报告人：林贵华教授

报告题目：A novel approach for bilevel programs based on Wolfe duality

摘要：In this talk, we focus on a bilevel program, which has many applications in practice. To develop effective numerical algorithms, it is generally necessary to transform the bilevel program into a single-level optimization problem. The most popular approach is to replace the lower-level program by its KKT conditions and then the bilevel program can be reformulated as a mathematical program with equilibrium constraints (MPEC for short). However, since the MPEC does not satisfy the Mangasarian-Fromovitz constraint qualification at any feasible point, the well-developed nonlinear programming theory cannot be applied to MPECs directly. In this paper, we apply the Wolfe duality to show that, under very mild conditions, the bilevel program is equivalent to a new single-level reformulation (WDP for short) in the globally and locally optimal sense. We give an example to show that, unlike the MPEC reformulation, WDP may satisfy the Mangasarian-Fromovitz constraint qualification at its feasible points. We give some properties of the WDP reformulation and the relations between the WDP and MPEC reformulations. We further propose a relaxation method for solving WDP and investigate its limiting behavior. Comprehensive numerical experiments indicate that, although solving WDP directly does not perform very well in our tests, the relaxation method based on the WDP reformulation is quite efficient.
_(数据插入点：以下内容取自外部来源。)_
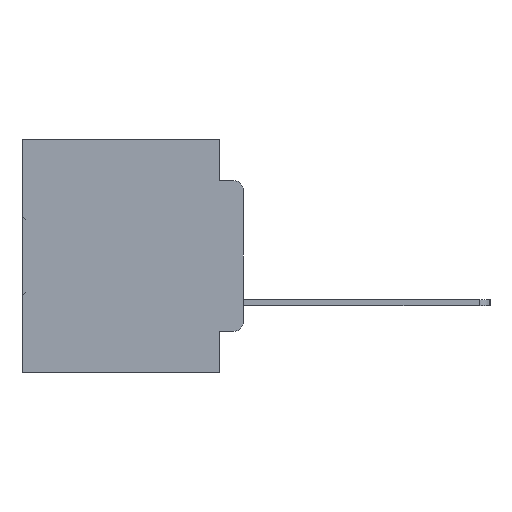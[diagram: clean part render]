
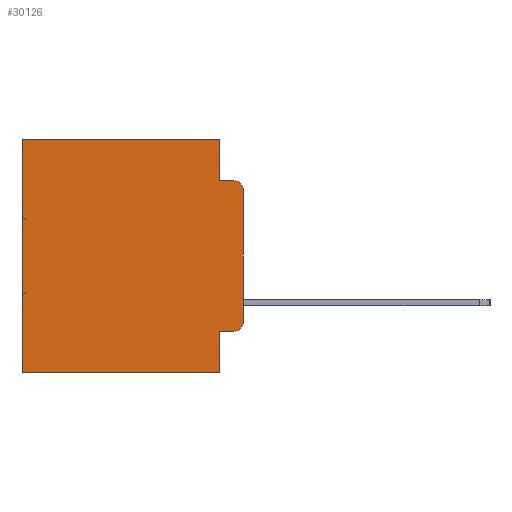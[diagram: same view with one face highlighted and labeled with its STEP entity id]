
A CAD part, left-side view. The second image highlights one B-rep face of the part: STEP entity #30126.
In plain terms, the highlighted planar face has unit normal (-1, 0, 0).
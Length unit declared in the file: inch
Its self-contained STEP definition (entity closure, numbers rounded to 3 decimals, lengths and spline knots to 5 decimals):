
#647 = CARTESIAN_POINT ( 'NONE',  ( 0.298, 0.051, -0.4115 ) ) ;
#867 = VECTOR ( 'NONE', #17312, 39.37008 ) ;
#876 = VECTOR ( 'NONE', #30607, 39.37008 ) ;
#1067 = CARTESIAN_POINT ( 'NONE',  ( 0.298, 0., -0.5 ) ) ;
#1069 = VECTOR ( 'NONE', #34402, 39.37008 ) ;
#1773 = LINE ( 'NONE', #1067, #876 ) ;
#1816 = VERTEX_POINT ( 'NONE', #30818 ) ;
#1962 = LINE ( 'NONE', #31862, #1069 ) ;
#2032 = VECTOR ( 'NONE', #17096, 39.37008 ) ;
#2135 = VERTEX_POINT ( 'NONE', #34330 ) ;
#2290 = LINE ( 'NONE', #12589, #8754 ) ;
#2823 = CARTESIAN_POINT ( 'NONE',  ( 0.298, 0.473, 0. ) ) ;
#2894 = LINE ( 'NONE', #647, #2032 ) ;
#2970 = VERTEX_POINT ( 'NONE', #8602 ) ;
#3643 = DIRECTION ( 'NONE',  ( 1., 0., 0. ) ) ;
#3940 = ORIENTED_EDGE ( 'NONE', *, *, #21591, .F. ) ;
#5022 = AXIS2_PLACEMENT_3D ( 'NONE', #9148, #27873, #11881 ) ;
#5217 = CARTESIAN_POINT ( 'NONE',  ( 0.298, 0., 0. ) ) ;
#5854 = EDGE_CURVE ( 'NONE', #19211, #1816, #2290, .T. ) ;
#7010 = CARTESIAN_POINT ( 'NONE',  ( 0.298, 0.051, -0.5 ) ) ;
#8602 = CARTESIAN_POINT ( 'NONE',  ( 0.298, 0., -0.3915 ) ) ;
#8754 = VECTOR ( 'NONE', #18082, 39.37008 ) ;
#9000 = VECTOR ( 'NONE', #33960, 39.37008 ) ;
#9108 = ORIENTED_EDGE ( 'NONE', *, *, #30886, .F. ) ;
#9148 = CARTESIAN_POINT ( 'NONE',  ( 0.298, 0.02, -0.1085 ) ) ;
#9445 = LINE ( 'NONE', #5217, #23031 ) ;
#9463 = EDGE_CURVE ( 'NONE', #10804, #2135, #2894, .T. ) ;
#9588 = ORIENTED_EDGE ( 'NONE', *, *, #13861, .F. ) ;
#10138 = AXIS2_PLACEMENT_3D ( 'NONE', #28612, #12649, #31207 ) ;
#10804 = VERTEX_POINT ( 'NONE', #31068 ) ;
#11016 = EDGE_CURVE ( 'NONE', #21083, #27763, #1962, .T. ) ;
#11822 = CARTESIAN_POINT ( 'NONE',  ( 0.298, 0.051, 0. ) ) ;
#11881 = DIRECTION ( 'NONE',  ( 0., 0., -1. ) ) ;
#12385 = LINE ( 'NONE', #16305, #25039 ) ;
#12589 = CARTESIAN_POINT ( 'NONE',  ( 0.298, 0.051, -0.0885 ) ) ;
#12649 = DIRECTION ( 'NONE',  ( -1., 0., 0. ) ) ;
#13188 = EDGE_CURVE ( 'NONE', #21083, #19211, #17201, .T. ) ;
#13861 = EDGE_CURVE ( 'NONE', #18985, #31482, #1773, .T. ) ;
#16271 = LINE ( 'NONE', #31412, #9000 ) ;
#16305 = CARTESIAN_POINT ( 'NONE',  ( 0.298, 0.473, 0. ) ) ;
#16841 = CARTESIAN_POINT ( 'NONE',  ( 0.298, 0., -0.1085 ) ) ;
#17096 = DIRECTION ( 'NONE',  ( 0., -1., 0. ) ) ;
#17201 = LINE ( 'NONE', #11822, #867 ) ;
#17312 = DIRECTION ( 'NONE',  ( 0., 0., -1. ) ) ;
#18082 = DIRECTION ( 'NONE',  ( 0., -1., 0. ) ) ;
#18964 = CARTESIAN_POINT ( 'NONE',  ( 0.298, 0.051, -0.0885 ) ) ;
#18985 = VERTEX_POINT ( 'NONE', #7010 ) ;
#19053 = DIRECTION ( 'NONE',  ( 0., 0., -1. ) ) ;
#19156 = ORIENTED_EDGE ( 'NONE', *, *, #30284, .T. ) ;
#19211 = VERTEX_POINT ( 'NONE', #18964 ) ;
#19295 = FACE_OUTER_BOUND ( 'NONE', #24035, .T. ) ;
#19964 = VERTEX_POINT ( 'NONE', #16841 ) ;
#20011 = CARTESIAN_POINT ( 'NONE',  ( 0.298, 0., 0. ) ) ;
#20637 = ORIENTED_EDGE ( 'NONE', *, *, #22233, .T. ) ;
#21083 = VERTEX_POINT ( 'NONE', #26742 ) ;
#21393 = CIRCLE ( 'NONE', #10138, 0.02 ) ;
#21591 = EDGE_CURVE ( 'NONE', #19964, #2970, #9445, .T. ) ;
#22233 = EDGE_CURVE ( 'NONE', #27763, #31482, #12385, .T. ) ;
#22726 = DIRECTION ( 'NONE',  ( 0., 0., -1. ) ) ;
#23031 = VECTOR ( 'NONE', #24241, 39.37008 ) ;
#23065 = ORIENTED_EDGE ( 'NONE', *, *, #11016, .T. ) ;
#24035 = EDGE_LOOP ( 'NONE', ( #3940, #27685, #30405, #34611, #23065, #20637, #9588, #9108, #27452, #19156 ) ) ;
#24241 = DIRECTION ( 'NONE',  ( 0., 0., -1. ) ) ;
#24589 = CIRCLE ( 'NONE', #5022, 0.02 ) ;
#25039 = VECTOR ( 'NONE', #19053, 39.37008 ) ;
#26742 = CARTESIAN_POINT ( 'NONE',  ( 0.298, 0.051, 0. ) ) ;
#27452 = ORIENTED_EDGE ( 'NONE', *, *, #9463, .T. ) ;
#27685 = ORIENTED_EDGE ( 'NONE', *, *, #28577, .T. ) ;
#27688 = PLANE ( 'NONE',  #30422 ) ;
#27763 = VERTEX_POINT ( 'NONE', #2823 ) ;
#27873 = DIRECTION ( 'NONE',  ( -1., 0., 0. ) ) ;
#28577 = EDGE_CURVE ( 'NONE', #19964, #1816, #24589, .T. ) ;
#28612 = CARTESIAN_POINT ( 'NONE',  ( 0.298, 0.02, -0.3915 ) ) ;
#30126 = ADVANCED_FACE ( 'NONE', ( #19295 ), #27688, .F. ) ;
#30284 = EDGE_CURVE ( 'NONE', #2135, #2970, #21393, .T. ) ;
#30405 = ORIENTED_EDGE ( 'NONE', *, *, #5854, .F. ) ;
#30422 = AXIS2_PLACEMENT_3D ( 'NONE', #20011, #3643, #22726 ) ;
#30607 = DIRECTION ( 'NONE',  ( 0., 1., 0. ) ) ;
#30818 = CARTESIAN_POINT ( 'NONE',  ( 0.298, 0.02, -0.0885 ) ) ;
#30886 = EDGE_CURVE ( 'NONE', #10804, #18985, #16271, .T. ) ;
#31068 = CARTESIAN_POINT ( 'NONE',  ( 0.298, 0.051, -0.4115 ) ) ;
#31207 = DIRECTION ( 'NONE',  ( 0., 0., -1. ) ) ;
#31412 = CARTESIAN_POINT ( 'NONE',  ( 0.298, 0.051, 0. ) ) ;
#31482 = VERTEX_POINT ( 'NONE', #33808 ) ;
#31862 = CARTESIAN_POINT ( 'NONE',  ( 0.298, 0., 0. ) ) ;
#33808 = CARTESIAN_POINT ( 'NONE',  ( 0.298, 0.473, -0.5 ) ) ;
#33960 = DIRECTION ( 'NONE',  ( 0., 0., -1. ) ) ;
#34330 = CARTESIAN_POINT ( 'NONE',  ( 0.298, 0.02, -0.4115 ) ) ;
#34402 = DIRECTION ( 'NONE',  ( 0., 1., 0. ) ) ;
#34611 = ORIENTED_EDGE ( 'NONE', *, *, #13188, .F. ) ;
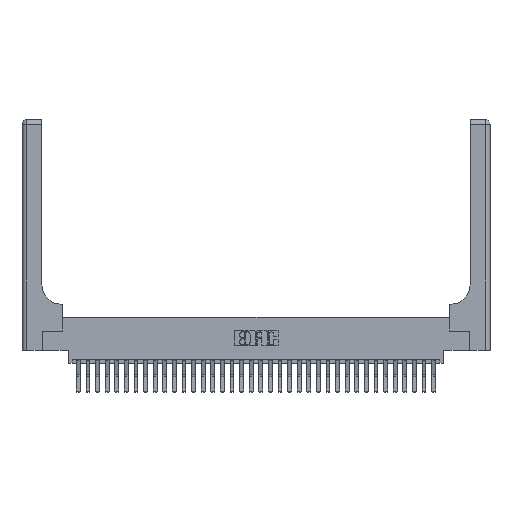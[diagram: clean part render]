
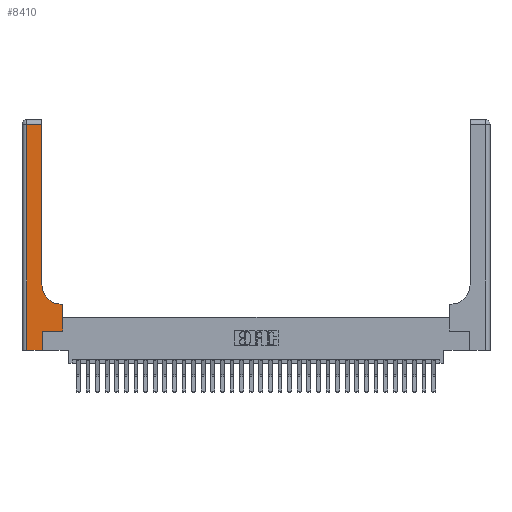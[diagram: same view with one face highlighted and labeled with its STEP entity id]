
A CAD part, top view. The second image highlights one B-rep face of the part: STEP entity #8410.
In plain terms, the highlighted planar face has unit normal (0, 0, 1).
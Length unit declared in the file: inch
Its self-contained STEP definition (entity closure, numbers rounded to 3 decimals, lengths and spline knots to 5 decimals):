
#155 = ORIENTED_EDGE ( 'NONE', *, *, #5830, .T. ) ;
#328 = VERTEX_POINT ( 'NONE', #30388 ) ;
#920 = ORIENTED_EDGE ( 'NONE', *, *, #22505, .T. ) ;
#1022 = FACE_OUTER_BOUND ( 'NONE', #30710, .T. ) ;
#1210 = DIRECTION ( 'NONE',  ( -1., 0., 0. ) ) ;
#2253 = LINE ( 'NONE', #11911, #26051 ) ;
#3546 = VERTEX_POINT ( 'NONE', #5762 ) ;
#3704 = DIRECTION ( 'NONE',  ( 0., 1., 0. ) ) ;
#3872 = VERTEX_POINT ( 'NONE', #12968 ) ;
#3916 = ORIENTED_EDGE ( 'NONE', *, *, #18123, .T. ) ;
#4683 = ORIENTED_EDGE ( 'NONE', *, *, #25466, .T. ) ;
#5126 = EDGE_CURVE ( 'NONE', #29473, #19624, #29133, .T. ) ;
#5762 = CARTESIAN_POINT ( 'NONE',  ( 0.26, 2.94, 0.37 ) ) ;
#5830 = EDGE_CURVE ( 'NONE', #3546, #29473, #28561, .T. ) ;
#6592 = CARTESIAN_POINT ( 'NONE',  ( 0.528, 0.6, 0.37 ) ) ;
#6617 = EDGE_CURVE ( 'NONE', #28082, #29112, #18763, .T. ) ;
#7249 = VECTOR ( 'NONE', #10278, 39.37008 ) ;
#8410 = ADVANCED_FACE ( 'NONE', ( #1022 ), #17789, .F. ) ;
#9010 = AXIS2_PLACEMENT_3D ( 'NONE', #25057, #27415, #15415 ) ;
#9506 = AXIS2_PLACEMENT_3D ( 'NONE', #10830, #20467, #30083 ) ;
#10199 = DIRECTION ( 'NONE',  ( 1., 0., 0. ) ) ;
#10257 = ORIENTED_EDGE ( 'NONE', *, *, #19800, .T. ) ;
#10278 = DIRECTION ( 'NONE',  ( 1., 0., 0. ) ) ;
#10668 = LINE ( 'NONE', #20156, #17269 ) ;
#10830 = CARTESIAN_POINT ( 'NONE',  ( 0.51, 0.85, 0.37 ) ) ;
#11178 = EDGE_CURVE ( 'NONE', #29112, #19311, #22117, .T. ) ;
#11911 = CARTESIAN_POINT ( 'NONE',  ( 0.26, 3., 0.37 ) ) ;
#12086 = DIRECTION ( 'NONE',  ( 0., -1., 0. ) ) ;
#12968 = CARTESIAN_POINT ( 'NONE',  ( 0.528, 0.25, 0.37 ) ) ;
#13389 = CARTESIAN_POINT ( 'NONE',  ( 0.26, 0.6, 0.37 ) ) ;
#14560 = CARTESIAN_POINT ( 'NONE',  ( 0.26, 0.85, 0.37 ) ) ;
#15270 = ORIENTED_EDGE ( 'NONE', *, *, #30117, .T. ) ;
#15415 = DIRECTION ( 'NONE',  ( -1., 0., 0. ) ) ;
#16947 = ORIENTED_EDGE ( 'NONE', *, *, #5126, .T. ) ;
#17269 = VECTOR ( 'NONE', #3704, 39.37008 ) ;
#17685 = LINE ( 'NONE', #29687, #7249 ) ;
#17789 = PLANE ( 'NONE',  #9010 ) ;
#18123 = EDGE_CURVE ( 'NONE', #3872, #28082, #10668, .T. ) ;
#18630 = DIRECTION ( 'NONE',  ( -1., 0., 0. ) ) ;
#18702 = CARTESIAN_POINT ( 'NONE',  ( 0.265, 0., 0.37 ) ) ;
#18763 = LINE ( 'NONE', #13389, #28957 ) ;
#19311 = VERTEX_POINT ( 'NONE', #14560 ) ;
#19578 = ORIENTED_EDGE ( 'NONE', *, *, #11178, .T. ) ;
#19624 = VERTEX_POINT ( 'NONE', #23269 ) ;
#19800 = EDGE_CURVE ( 'NONE', #19624, #25559, #17685, .T. ) ;
#20156 = CARTESIAN_POINT ( 'NONE',  ( 0.528, 0.25, 0.37 ) ) ;
#20467 = DIRECTION ( 'NONE',  ( 0., 0., -1. ) ) ;
#20501 = ORIENTED_EDGE ( 'NONE', *, *, #6617, .T. ) ;
#21559 = VECTOR ( 'NONE', #12086, 39.37008 ) ;
#22117 = CIRCLE ( 'NONE', #9506, 0.25 ) ;
#22358 = LINE ( 'NONE', #29759, #23291 ) ;
#22505 = EDGE_CURVE ( 'NONE', #19311, #3546, #2253, .T. ) ;
#23269 = CARTESIAN_POINT ( 'NONE',  ( 0.06, 0., 0.37 ) ) ;
#23291 = VECTOR ( 'NONE', #10199, 39.37008 ) ;
#23692 = CARTESIAN_POINT ( 'NONE',  ( 0., 2.94, 0.37 ) ) ;
#24966 = DIRECTION ( 'NONE',  ( 0., 1., 0. ) ) ;
#25057 = CARTESIAN_POINT ( 'NONE',  ( 0., 3., 0.37 ) ) ;
#25466 = EDGE_CURVE ( 'NONE', #328, #3872, #22358, .T. ) ;
#25507 = CARTESIAN_POINT ( 'NONE',  ( 0.265, 0., 0.37 ) ) ;
#25559 = VERTEX_POINT ( 'NONE', #25507 ) ;
#26051 = VECTOR ( 'NONE', #24966, 39.37008 ) ;
#26234 = VECTOR ( 'NONE', #18630, 39.37008 ) ;
#26455 = CARTESIAN_POINT ( 'NONE',  ( 0.06, 3., 0.37 ) ) ;
#26690 = CARTESIAN_POINT ( 'NONE',  ( 0.51, 0.6, 0.37 ) ) ;
#27415 = DIRECTION ( 'NONE',  ( 0., 0., -1. ) ) ;
#27864 = DIRECTION ( 'NONE',  ( 0., 1., 0. ) ) ;
#28021 = LINE ( 'NONE', #18702, #28499 ) ;
#28082 = VERTEX_POINT ( 'NONE', #6592 ) ;
#28499 = VECTOR ( 'NONE', #27864, 39.37008 ) ;
#28561 = LINE ( 'NONE', #23692, #26234 ) ;
#28957 = VECTOR ( 'NONE', #1210, 39.37008 ) ;
#29021 = CARTESIAN_POINT ( 'NONE',  ( 0.06, 2.94, 0.37 ) ) ;
#29112 = VERTEX_POINT ( 'NONE', #26690 ) ;
#29133 = LINE ( 'NONE', #26455, #21559 ) ;
#29473 = VERTEX_POINT ( 'NONE', #29021 ) ;
#29687 = CARTESIAN_POINT ( 'NONE',  ( 0., 0., 0.37 ) ) ;
#29759 = CARTESIAN_POINT ( 'NONE',  ( 0.265, 0.25, 0.37 ) ) ;
#30083 = DIRECTION ( 'NONE',  ( 1., 0., 0. ) ) ;
#30117 = EDGE_CURVE ( 'NONE', #25559, #328, #28021, .T. ) ;
#30388 = CARTESIAN_POINT ( 'NONE',  ( 0.265, 0.25, 0.37 ) ) ;
#30710 = EDGE_LOOP ( 'NONE', ( #920, #155, #16947, #10257, #15270, #4683, #3916, #20501, #19578 ) ) ;
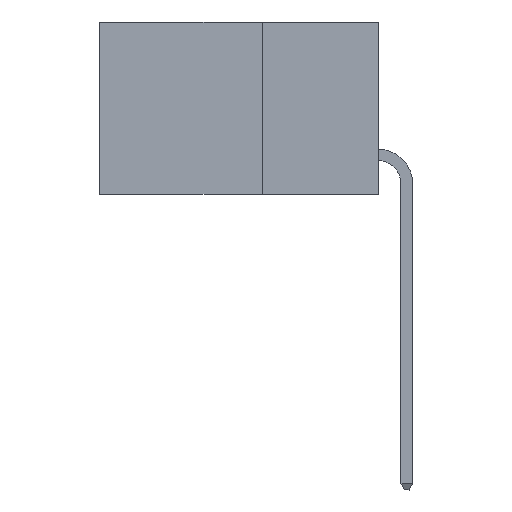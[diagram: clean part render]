
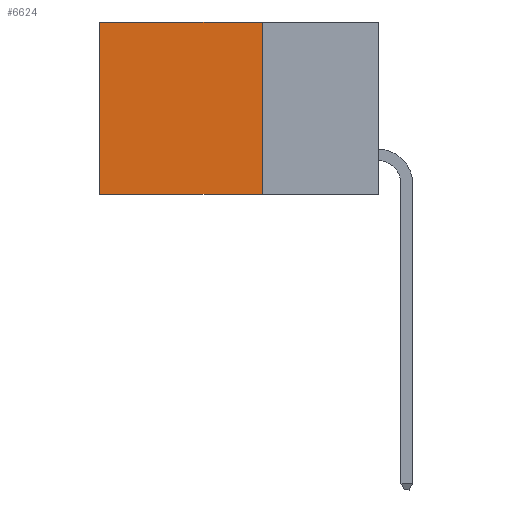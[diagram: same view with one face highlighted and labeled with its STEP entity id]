
A CAD part, left-side view. The second image highlights one B-rep face of the part: STEP entity #6624.
In plain terms, the highlighted planar face has unit normal (-1, 0, 0).
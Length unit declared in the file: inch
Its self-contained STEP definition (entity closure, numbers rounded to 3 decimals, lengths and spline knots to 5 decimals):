
#153 = DIRECTION ( 'NONE',  ( 0., 0., -1. ) ) ;
#477 = VERTEX_POINT ( 'NONE', #10884 ) ;
#515 = CARTESIAN_POINT ( 'NONE',  ( 0.298, 0.25, 0. ) ) ;
#786 = EDGE_CURVE ( 'NONE', #6848, #477, #3742, .T. ) ;
#938 = ORIENTED_EDGE ( 'NONE', *, *, #8790, .F. ) ;
#963 = VERTEX_POINT ( 'NONE', #6147 ) ;
#1638 = DIRECTION ( 'NONE',  ( 0., 0., -1. ) ) ;
#2809 = VERTEX_POINT ( 'NONE', #12205 ) ;
#3205 = FACE_OUTER_BOUND ( 'NONE', #7026, .T. ) ;
#3559 = VECTOR ( 'NONE', #12696, 39.37008 ) ;
#3742 = LINE ( 'NONE', #11595, #9226 ) ;
#4804 = DIRECTION ( 'NONE',  ( 0., 1., 0. ) ) ;
#5036 = AXIS2_PLACEMENT_3D ( 'NONE', #515, #8249, #1638 ) ;
#5160 = CARTESIAN_POINT ( 'NONE',  ( 0.298, 0.25, -0.37 ) ) ;
#6147 = CARTESIAN_POINT ( 'NONE',  ( 0.298, 0.25, -0.37 ) ) ;
#6624 = ADVANCED_FACE ( 'NONE', ( #3205 ), #7103, .F. ) ;
#6655 = DIRECTION ( 'NONE',  ( 0., 0., -1. ) ) ;
#6684 = ORIENTED_EDGE ( 'NONE', *, *, #11408, .T. ) ;
#6848 = VERTEX_POINT ( 'NONE', #13178 ) ;
#7026 = EDGE_LOOP ( 'NONE', ( #6684, #938, #9598, #7333 ) ) ;
#7103 = PLANE ( 'NONE',  #5036 ) ;
#7303 = VECTOR ( 'NONE', #153, 39.37008 ) ;
#7333 = ORIENTED_EDGE ( 'NONE', *, *, #786, .T. ) ;
#7695 = VECTOR ( 'NONE', #6655, 39.37008 ) ;
#8249 = DIRECTION ( 'NONE',  ( 1., 0., 0. ) ) ;
#8790 = EDGE_CURVE ( 'NONE', #963, #2809, #9376, .T. ) ;
#9226 = VECTOR ( 'NONE', #4804, 39.37008 ) ;
#9376 = LINE ( 'NONE', #5160, #3559 ) ;
#9598 = ORIENTED_EDGE ( 'NONE', *, *, #12673, .F. ) ;
#10000 = CARTESIAN_POINT ( 'NONE',  ( 0.298, 0.25, 0. ) ) ;
#10194 = LINE ( 'NONE', #10000, #7303 ) ;
#10564 = LINE ( 'NONE', #14134, #7695 ) ;
#10884 = CARTESIAN_POINT ( 'NONE',  ( 0.298, 0.6, 0. ) ) ;
#11408 = EDGE_CURVE ( 'NONE', #477, #2809, #10564, .T. ) ;
#11595 = CARTESIAN_POINT ( 'NONE',  ( 0.298, 0.25, 0. ) ) ;
#12205 = CARTESIAN_POINT ( 'NONE',  ( 0.298, 0.6, -0.37 ) ) ;
#12673 = EDGE_CURVE ( 'NONE', #6848, #963, #10194, .T. ) ;
#12696 = DIRECTION ( 'NONE',  ( 0., 1., 0. ) ) ;
#13178 = CARTESIAN_POINT ( 'NONE',  ( 0.298, 0.25, 0. ) ) ;
#14134 = CARTESIAN_POINT ( 'NONE',  ( 0.298, 0.6, 0. ) ) ;

报告时间：2022年5月31号上午9:00-11:30

报告形式：腾讯会议；会议号：755 393 756

报告人简介：林贵华教授于2004年博士毕业于日本京都大学，曾任京都大学JSPS外国人特别研究员，现任上海大学管理学院人怀学者、管理科学与工程系主任。研究兴趣主要是与均衡相关的各种最优化问题及其在管理科学中的应用，在SIAM Journal on Optimization、Mathematical Programming、Mathematics of Computation、European Journal of Operational Research等国际知名期刊上发表学术论文80余篇。主持国家自科面上项目4项、自科重点项目子课题2项、省部级项目5项。现任中国运筹学会理事、中国运筹学会数学规划分会理事、上海运筹学会理事、中国双法研究会经济数学与管理数学分会常务理事等，《Pacific Journal of Optimization》、《运筹与管理》编委。2007年入选辽宁省百千万人才工程，所指导博士生曾获2014年度辽宁省优秀博士学位论文。